TARUTUNG, METRODAILY – Bupati Tapanuli Utara, Dr. Jonius Taripar Parsaoran Hutabarat, S.Si., M.Si, resmi meluncurkan program RAP SONANG (Responsif, Akurat, Profesional-Solusi Nyata untuk Pengaduan dan Layanan) di RSUD Tarutung, Selasa (6/5/2025).
Peluncuran program ini bertujuan untuk memberikan layanan pengaduan kesehatan yang mudah dan cepat bagi masyarakat.
Acara yang digelar di halaman RSUD Tarutung ini dihadiri oleh Forkopimda, pejabat perangkat daerah, Kepala UPT Puskesmas se-Kabupaten Tapanuli Utara, serta masyarakat setempat.
Baca Juga: Lagi, Dana Desa Dikorupsi: Kades Situmbaga Ditahan, Negara Rugi Rp748 Juta
RAP SONANG adalah aplikasi digital yang dirancang untuk menampung keluhan masyarakat terkait layanan kesehatan dan menindaklanjutinya dengan lebih efisien. Program ini memungkinkan pengaduan dan informasi tersedia selama 24 jam, mengatasi kendala waktu operasional yang ada sebelumnya.
“Program ini merupakan bagian dari Quick Wins 100 Hari Kerja Bupati dan Wakil Bupati. Kami meluncurkannya untuk mengatasi keluhan masyarakat dan menghadirkan pelayanan kesehatan yang cepat, efisien, dan mudah diakses,” ujar Bupati JTP dalam sambutannya.

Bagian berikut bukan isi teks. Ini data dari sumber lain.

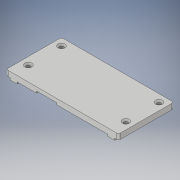
# Autodesk Inventor part: Link Adapter Top
Saved by Autodesk Inventor 2017 (Build 210142000, 142)
## iProperties
Created: 2020-09-10
Part Number: Link Adapter Top
Material: Generic
Document SubType Name: Modeling
Designer: Collin
Density: 1 g/cm^3
Appearance: Default
Author: Collin
Autodesk Inventor part; units mm, degrees
ref_plane "YZ Plane" through (0, 0, 0) normal (1, 0, 0) x (0, 1, 0)
ref_plane "XZ Plane" through (0, 0, 0) normal (0, 1, 0) x (-1, 0, 0)
ref_plane "XY Plane" through (0, 0, 0) normal (0, 0, 1) x (1, 0, 0)
sketch "Sketch1" plane through (0, 0, 0) normal (0, 1, 0) x (-1, 0, 0)
  line L0 (0, 0) -> (-61, 0)
  line L1 (-61, 0) -> (-61, -30)
  line L2 (-61, -30) -> (0, -30)
  line L3 (0, -30) -> (0, 0)
  dimension "d0" = 30
  dimension "d1" = 61
  constraints: 8 end point, 2 parallel, 1 horizontal, 1 perpendicular
  measures "d0" distance of L2.end L0.start
  measures "d1" distance of L1.end L2.end
extrude "Extrusion1" add sketch "Sketch1" along normal blind 3
fillet "Fillet1" radius 1 4 edges at (0, 1.5, 0) (61, 1.5, 0) (61, 1.5, -30) (0, 1.5, -30)
sketch "Sketch4" plane through (0, 0, 0) normal (0, -1, 0) x (1, 0, 0)
  line L0 (2.125, -2) -> (5.875, -2)
  line L1 (5.875, -2) -> (5.875, 0)
  line L2 (5.875, 0) -> (2.125, 0)
  line L3 (2.125, 0) -> (2.125, -2)
  line L4 (55.125, -2) -> (58.875, -2)
  line L5 (58.875, -2) -> (58.875, 0)
  line L6 (58.875, 0) -> (55.125, 0)
  line L7 (55.125, 0) -> (55.125, -2)
  line L8 (0, -29) -> (0, -1) projected
  line L9 (1, 0) -> (60, 0) projected
  line L10 (61, -1) -> (61, -29) projected
  point P0 (0, 0)
  dimension "d31" = 3.75
  dimension "d32" = 3.75
  dimension "d33" = 2
  dimension "d34" = 2
  dimension "d35" = 5.875
  dimension "d36" = 0
  dimension "d37" = 0
  dimension "d38" = 5.875
  constraints: 16 end point, 4 parallel, 2 horizontal, 2 perpendicular
  measures "d31" distance of L1.end L2.end
  measures "d32" distance of L5.end L6.end
  measures "d33" distance of L6.end L4.start
  measures "d34" distance of L2.end L0.start
  measures "d35" distance between parallel lines of L8 L1
  measures "d36" distance between parallel lines of L9 L2
  measures "d37" distance between parallel lines of L9 L6
  measures "d38" distance between parallel lines of L10 L7
extrude "Extrusion3" add sketch "Sketch4" along normal blind 1
sketch "Sketch2" plane through (0, 3, 0) normal (0, 1, 0) x (1, 0, 0)
  circle A0 centre (4, 8) radius 1
  line L0 (0, 0) -> (61, 0) projected
  line L1 (0, 30) -> (0, 0) projected
  circle A1 centre (57, 8) radius 1
  line L2 (61, 0) -> (61, 30) projected
  circle A2 centre (4, 26) radius 1
  circle A3 centre (57, 26) radius 1
  line L3 (61, 30) -> (0, 30) projected
  dimension "d4" = 8
  dimension "d5" = 4
  dimension "d6" = 2
  dimension "d7" = 2
  dimension "d8" = 4
  dimension "d9" = 8
  dimension "d10" = 2
  dimension "d11" = 2
  dimension "d12" = 4
  dimension "d13" = 4
  dimension "d14" = 4
  dimension "d15" = 4
  constraints: 4 centre point
  measures "d4" distance from line of L0 A0.centre
  measures "d5" distance from line of L1 A0.centre
  measures "d6" diameter of A0
  measures "d7" diameter of A1
  measures "d8" distance from line of L2 A1.centre
  measures "d9" distance from line of L0 A1.centre
  measures "d10" diameter of A2
  measures "d11" diameter of A3
  measures "d12" distance from line of L3 A2.centre
  measures "d13" distance from line of L1 A2.centre
  measures "d14" distance from line of L3 A3.centre
  measures "d15" distance from line of L2 A3.centre
hole "Hole1" at (4, 3, -26) at (4, 3, -8) at (57, 3, -8) at (57, 3, -26) direction (0, -1, 0) diameter 2.1 end through all countersink diameter 3.75 countersink angle 90
sketch "Sketch6" plane through (0, 0, 0) normal (0, -1, 0) x (1, 0, 0)
  line L0 (16.5, -10) -> (27.5, -10)
  line L1 (27.5, -10) -> (27.5, 0)
  line L2 (27.5, 0) -> (16.5, 0)
  line L3 (16.5, 0) -> (16.5, -10)
  line L4 (1, 0) -> (60, 0) projected
  line L5 (0, -29) -> (0, -1) projected
  line L6 (16.5, -30) -> (27.5, -30)
  line L7 (27.5, -30) -> (27.5, -20)
  line L8 (27.5, -20) -> (16.5, -20)
  line L9 (16.5, -20) -> (16.5, -30)
  line L10 (60, -30) -> (1, -30) projected
  point P0 (0, 0)
  dimension "d48" = 16.5
  dimension "d49" = 11
  dimension "d50" = 10
  dimension "d51" = 0
  dimension "d52" = 10
  dimension "d53" = 16.5
  dimension "d55" = 11
  dimension "d56" = 0
  constraints: 16 end point, 4 parallel, 2 horizontal, 2 perpendicular
  measures "d48" distance between parallel lines of L3 L5
  measures "d49" distance of L0.start L0.end
  measures "d50" distance of L2.end L0.start
  measures "d51" distance between parallel lines of L4 L2
  measures "d52" distance of L8.end L6.start
  measures "d53" distance between parallel lines of L5 L9
  measures "d55" distance of L6.start L6.end
  measures "d56" distance between parallel lines of L10 L6
extrude "Extrusion4" cut sketch "Sketch6" against normal blind 1
equation "\"d52\" = d50"
equation "\"d53\" = d48"
body "Solid1"

Bupati juga menyoroti berbagai pembenahan yang telah dilakukan di RSUD Tarutung, seperti penambahan unit perangkat fingerprint untuk pendaftaran BPJS, perluasan layanan poliklinik, dan penataan ulang area antrean agar lebih nyaman bagi pasien.
Baca Juga: Bupati Tapsel Hadiri Musrenbang RPJMD Sumut 2025–2029
“Sinergi antara RSUD Tarutung dan Puskesmas sangat penting. Puskesmas harus menjadi garda terdepan dalam pelayanan kesehatan, menyediakan layanan 24 jam dengan akses pendaftaran langsung di sana,” tegas Bupati.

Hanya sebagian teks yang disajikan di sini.